Extracted records:
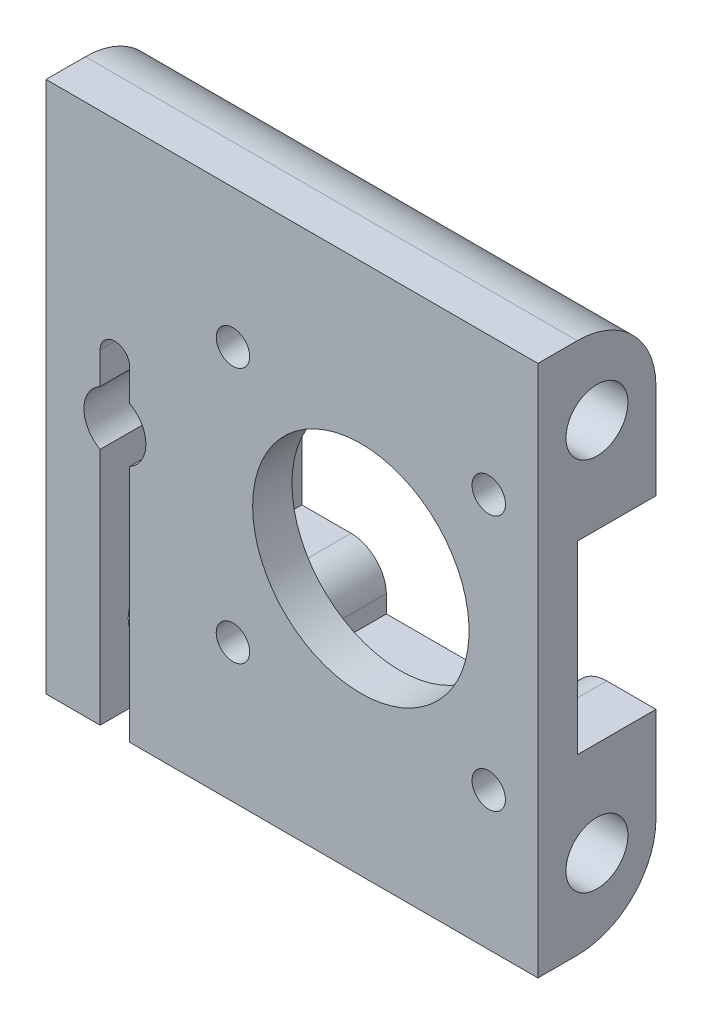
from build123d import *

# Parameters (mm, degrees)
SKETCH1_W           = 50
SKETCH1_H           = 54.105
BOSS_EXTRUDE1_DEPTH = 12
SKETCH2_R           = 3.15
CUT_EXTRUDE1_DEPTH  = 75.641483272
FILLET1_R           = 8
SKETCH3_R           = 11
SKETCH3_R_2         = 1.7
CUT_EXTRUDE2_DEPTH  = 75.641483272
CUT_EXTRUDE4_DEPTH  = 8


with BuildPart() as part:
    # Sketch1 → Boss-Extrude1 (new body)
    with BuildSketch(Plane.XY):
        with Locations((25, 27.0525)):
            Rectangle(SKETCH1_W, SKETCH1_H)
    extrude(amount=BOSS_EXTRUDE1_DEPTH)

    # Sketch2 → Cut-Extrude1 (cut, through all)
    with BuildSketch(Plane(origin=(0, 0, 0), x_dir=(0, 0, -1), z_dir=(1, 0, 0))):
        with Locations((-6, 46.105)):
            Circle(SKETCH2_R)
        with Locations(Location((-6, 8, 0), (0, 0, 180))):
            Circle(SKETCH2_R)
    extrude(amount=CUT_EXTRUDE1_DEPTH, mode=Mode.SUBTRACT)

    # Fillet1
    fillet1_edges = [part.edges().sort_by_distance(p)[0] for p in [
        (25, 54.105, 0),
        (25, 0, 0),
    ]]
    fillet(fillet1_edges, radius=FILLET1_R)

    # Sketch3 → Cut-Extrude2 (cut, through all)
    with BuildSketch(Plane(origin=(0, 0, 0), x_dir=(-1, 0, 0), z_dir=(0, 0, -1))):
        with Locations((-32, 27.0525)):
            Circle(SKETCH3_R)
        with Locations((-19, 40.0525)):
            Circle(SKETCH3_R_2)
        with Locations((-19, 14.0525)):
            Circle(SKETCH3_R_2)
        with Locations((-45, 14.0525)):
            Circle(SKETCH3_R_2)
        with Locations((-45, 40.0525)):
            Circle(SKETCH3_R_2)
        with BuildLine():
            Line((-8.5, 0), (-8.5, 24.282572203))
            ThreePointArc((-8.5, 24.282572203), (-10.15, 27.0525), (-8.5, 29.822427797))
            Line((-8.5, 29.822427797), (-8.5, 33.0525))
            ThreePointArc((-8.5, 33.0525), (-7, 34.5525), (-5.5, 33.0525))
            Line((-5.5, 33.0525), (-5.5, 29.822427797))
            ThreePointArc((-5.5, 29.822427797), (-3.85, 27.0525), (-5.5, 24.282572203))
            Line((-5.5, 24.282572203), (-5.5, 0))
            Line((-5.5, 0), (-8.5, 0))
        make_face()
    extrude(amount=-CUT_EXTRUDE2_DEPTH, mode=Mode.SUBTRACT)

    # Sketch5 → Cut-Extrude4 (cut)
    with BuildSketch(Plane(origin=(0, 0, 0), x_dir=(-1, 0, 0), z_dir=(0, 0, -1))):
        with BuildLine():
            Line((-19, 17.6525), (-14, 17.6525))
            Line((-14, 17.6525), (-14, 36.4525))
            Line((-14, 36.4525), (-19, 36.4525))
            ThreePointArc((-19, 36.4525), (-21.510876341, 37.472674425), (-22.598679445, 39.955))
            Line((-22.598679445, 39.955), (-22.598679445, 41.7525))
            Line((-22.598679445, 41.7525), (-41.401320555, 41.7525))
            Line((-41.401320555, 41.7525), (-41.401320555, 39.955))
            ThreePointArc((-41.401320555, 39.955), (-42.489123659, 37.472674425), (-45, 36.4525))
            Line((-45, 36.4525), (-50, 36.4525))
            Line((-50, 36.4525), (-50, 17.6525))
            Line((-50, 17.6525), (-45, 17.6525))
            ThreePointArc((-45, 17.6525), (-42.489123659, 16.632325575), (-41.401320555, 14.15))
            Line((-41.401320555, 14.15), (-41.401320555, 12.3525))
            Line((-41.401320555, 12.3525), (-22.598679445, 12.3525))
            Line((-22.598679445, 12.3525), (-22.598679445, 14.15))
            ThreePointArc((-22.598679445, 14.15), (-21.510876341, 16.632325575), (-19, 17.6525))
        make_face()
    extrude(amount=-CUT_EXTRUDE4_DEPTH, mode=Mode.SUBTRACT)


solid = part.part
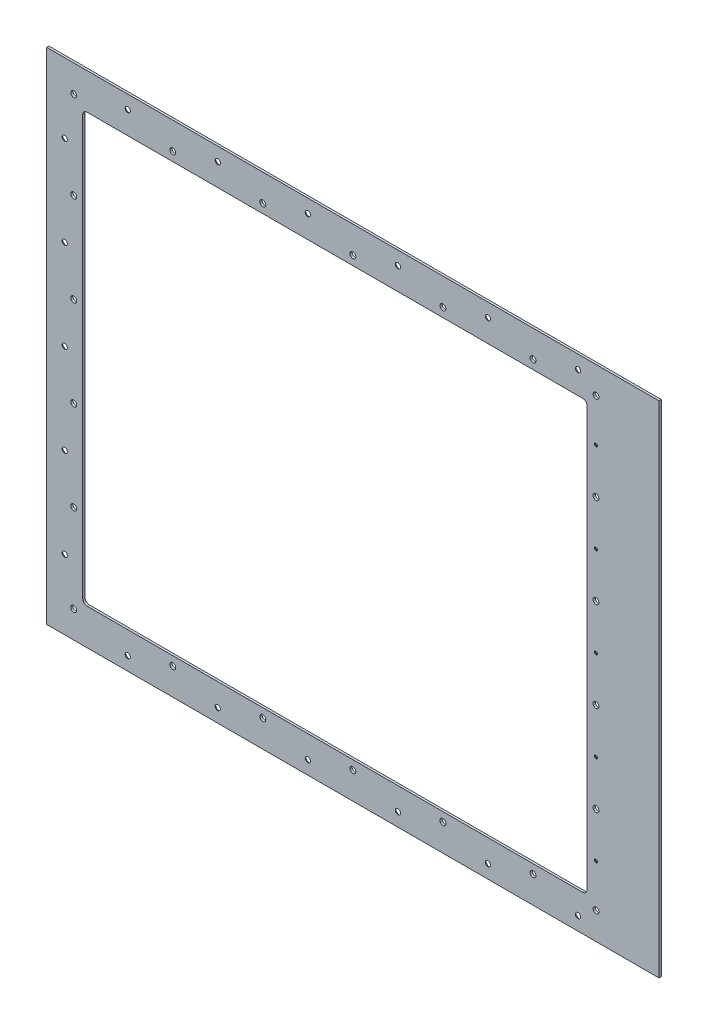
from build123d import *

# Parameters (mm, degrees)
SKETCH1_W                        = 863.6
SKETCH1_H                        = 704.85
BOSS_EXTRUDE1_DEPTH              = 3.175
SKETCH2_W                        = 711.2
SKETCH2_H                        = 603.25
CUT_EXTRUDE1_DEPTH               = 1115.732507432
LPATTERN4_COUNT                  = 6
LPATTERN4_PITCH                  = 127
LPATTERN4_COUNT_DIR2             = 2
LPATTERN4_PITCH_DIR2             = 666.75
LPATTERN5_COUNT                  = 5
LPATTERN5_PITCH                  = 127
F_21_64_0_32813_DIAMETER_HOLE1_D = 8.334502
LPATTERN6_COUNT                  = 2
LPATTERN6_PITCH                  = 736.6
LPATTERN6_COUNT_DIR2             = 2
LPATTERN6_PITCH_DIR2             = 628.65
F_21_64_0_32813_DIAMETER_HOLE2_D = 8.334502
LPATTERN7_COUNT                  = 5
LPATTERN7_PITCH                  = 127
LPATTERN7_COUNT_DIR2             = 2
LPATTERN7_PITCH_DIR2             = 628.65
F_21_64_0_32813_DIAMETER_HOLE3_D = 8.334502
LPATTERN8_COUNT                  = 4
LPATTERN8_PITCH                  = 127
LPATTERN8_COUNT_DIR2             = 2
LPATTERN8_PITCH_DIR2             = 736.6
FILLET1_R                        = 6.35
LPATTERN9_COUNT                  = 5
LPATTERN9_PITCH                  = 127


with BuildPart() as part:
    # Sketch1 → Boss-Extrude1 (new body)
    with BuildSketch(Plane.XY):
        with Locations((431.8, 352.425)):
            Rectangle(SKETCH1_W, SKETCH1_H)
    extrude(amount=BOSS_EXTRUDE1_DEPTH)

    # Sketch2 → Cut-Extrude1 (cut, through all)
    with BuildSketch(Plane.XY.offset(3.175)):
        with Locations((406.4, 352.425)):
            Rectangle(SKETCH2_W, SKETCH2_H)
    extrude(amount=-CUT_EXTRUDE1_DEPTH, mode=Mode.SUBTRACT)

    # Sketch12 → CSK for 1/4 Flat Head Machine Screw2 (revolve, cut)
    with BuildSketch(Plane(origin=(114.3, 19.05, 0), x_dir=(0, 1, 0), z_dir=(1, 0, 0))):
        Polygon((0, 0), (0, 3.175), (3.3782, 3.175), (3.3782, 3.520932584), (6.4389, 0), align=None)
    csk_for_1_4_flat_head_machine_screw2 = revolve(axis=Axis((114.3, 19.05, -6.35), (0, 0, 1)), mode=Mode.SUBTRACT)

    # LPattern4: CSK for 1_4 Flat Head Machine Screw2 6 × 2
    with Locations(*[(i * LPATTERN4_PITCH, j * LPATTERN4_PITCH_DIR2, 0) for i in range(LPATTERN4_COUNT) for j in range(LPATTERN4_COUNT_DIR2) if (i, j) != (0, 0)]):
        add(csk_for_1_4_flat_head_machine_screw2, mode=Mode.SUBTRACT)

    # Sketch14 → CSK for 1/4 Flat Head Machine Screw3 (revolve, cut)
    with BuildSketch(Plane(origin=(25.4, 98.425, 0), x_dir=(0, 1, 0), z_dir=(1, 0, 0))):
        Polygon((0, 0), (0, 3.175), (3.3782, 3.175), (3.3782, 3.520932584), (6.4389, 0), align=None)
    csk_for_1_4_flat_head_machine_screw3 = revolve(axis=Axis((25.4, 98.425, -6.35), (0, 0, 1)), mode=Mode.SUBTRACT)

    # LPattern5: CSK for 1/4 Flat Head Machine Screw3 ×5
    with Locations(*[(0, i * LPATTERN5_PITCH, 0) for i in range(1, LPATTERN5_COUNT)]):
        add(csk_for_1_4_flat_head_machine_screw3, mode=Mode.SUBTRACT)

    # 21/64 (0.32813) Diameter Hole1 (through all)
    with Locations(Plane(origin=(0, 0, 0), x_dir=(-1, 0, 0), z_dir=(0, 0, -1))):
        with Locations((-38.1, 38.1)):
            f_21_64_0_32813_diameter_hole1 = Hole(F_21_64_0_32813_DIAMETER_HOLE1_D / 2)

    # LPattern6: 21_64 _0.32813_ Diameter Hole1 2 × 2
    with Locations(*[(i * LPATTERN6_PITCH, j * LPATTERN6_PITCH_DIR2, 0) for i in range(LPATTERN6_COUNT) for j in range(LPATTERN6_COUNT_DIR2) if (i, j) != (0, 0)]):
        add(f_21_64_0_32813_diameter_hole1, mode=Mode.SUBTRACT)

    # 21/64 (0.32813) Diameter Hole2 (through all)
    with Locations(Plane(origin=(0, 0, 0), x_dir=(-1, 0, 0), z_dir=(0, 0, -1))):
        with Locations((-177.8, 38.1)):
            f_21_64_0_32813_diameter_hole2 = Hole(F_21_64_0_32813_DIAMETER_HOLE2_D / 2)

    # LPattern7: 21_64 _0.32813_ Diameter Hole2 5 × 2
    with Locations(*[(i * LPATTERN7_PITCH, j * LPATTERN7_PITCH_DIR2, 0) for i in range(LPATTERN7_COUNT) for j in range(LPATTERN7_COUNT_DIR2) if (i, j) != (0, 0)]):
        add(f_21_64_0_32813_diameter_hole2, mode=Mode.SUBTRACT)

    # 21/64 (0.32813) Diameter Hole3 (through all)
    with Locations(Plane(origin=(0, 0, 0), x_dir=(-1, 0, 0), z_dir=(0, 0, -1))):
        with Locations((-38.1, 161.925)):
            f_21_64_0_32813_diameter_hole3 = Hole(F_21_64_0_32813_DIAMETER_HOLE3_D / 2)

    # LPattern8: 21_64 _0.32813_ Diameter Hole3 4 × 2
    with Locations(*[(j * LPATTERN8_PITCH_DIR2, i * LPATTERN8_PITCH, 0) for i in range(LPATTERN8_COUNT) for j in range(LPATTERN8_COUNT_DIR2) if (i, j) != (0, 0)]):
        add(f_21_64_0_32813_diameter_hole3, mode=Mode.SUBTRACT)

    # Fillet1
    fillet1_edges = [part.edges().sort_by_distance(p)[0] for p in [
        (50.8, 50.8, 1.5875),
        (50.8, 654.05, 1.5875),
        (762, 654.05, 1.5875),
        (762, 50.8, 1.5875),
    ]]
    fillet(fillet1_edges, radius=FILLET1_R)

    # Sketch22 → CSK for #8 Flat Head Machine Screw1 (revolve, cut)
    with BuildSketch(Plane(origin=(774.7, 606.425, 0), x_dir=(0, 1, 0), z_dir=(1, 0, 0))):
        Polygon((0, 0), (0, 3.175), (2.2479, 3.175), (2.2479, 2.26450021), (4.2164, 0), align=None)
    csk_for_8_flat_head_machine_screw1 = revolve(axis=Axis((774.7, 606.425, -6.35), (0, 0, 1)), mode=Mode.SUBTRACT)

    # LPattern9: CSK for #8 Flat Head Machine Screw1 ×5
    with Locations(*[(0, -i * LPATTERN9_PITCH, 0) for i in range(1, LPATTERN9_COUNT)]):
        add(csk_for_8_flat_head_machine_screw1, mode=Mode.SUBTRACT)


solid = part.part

■ TO DO
The lines to extract from the data above begin with the line containing "with Locations(*[(0, i" and end with the line containing "# LPattern6: 21_64". Extract them exactly, including both.

■ ANSWER SPACE
    with Locations(*[(0, i * LPATTERN5_PITCH, 0) for i in range(1, LPATTERN5_COUNT)]):
        add(csk_for_1_4_flat_head_machine_screw3, mode=Mode.SUBTRACT)

    # 21/64 (0.32813) Diameter Hole1 (through all)
    with Locations(Plane(origin=(0, 0, 0), x_dir=(-1, 0, 0), z_dir=(0, 0, -1))):
        with Locations((-38.1, 38.1)):
            f_21_64_0_32813_diameter_hole1 = Hole(F_21_64_0_32813_DIAMETER_HOLE1_D / 2)

    # LPattern6: 21_64 _0.32813_ Diameter Hole1 2 × 2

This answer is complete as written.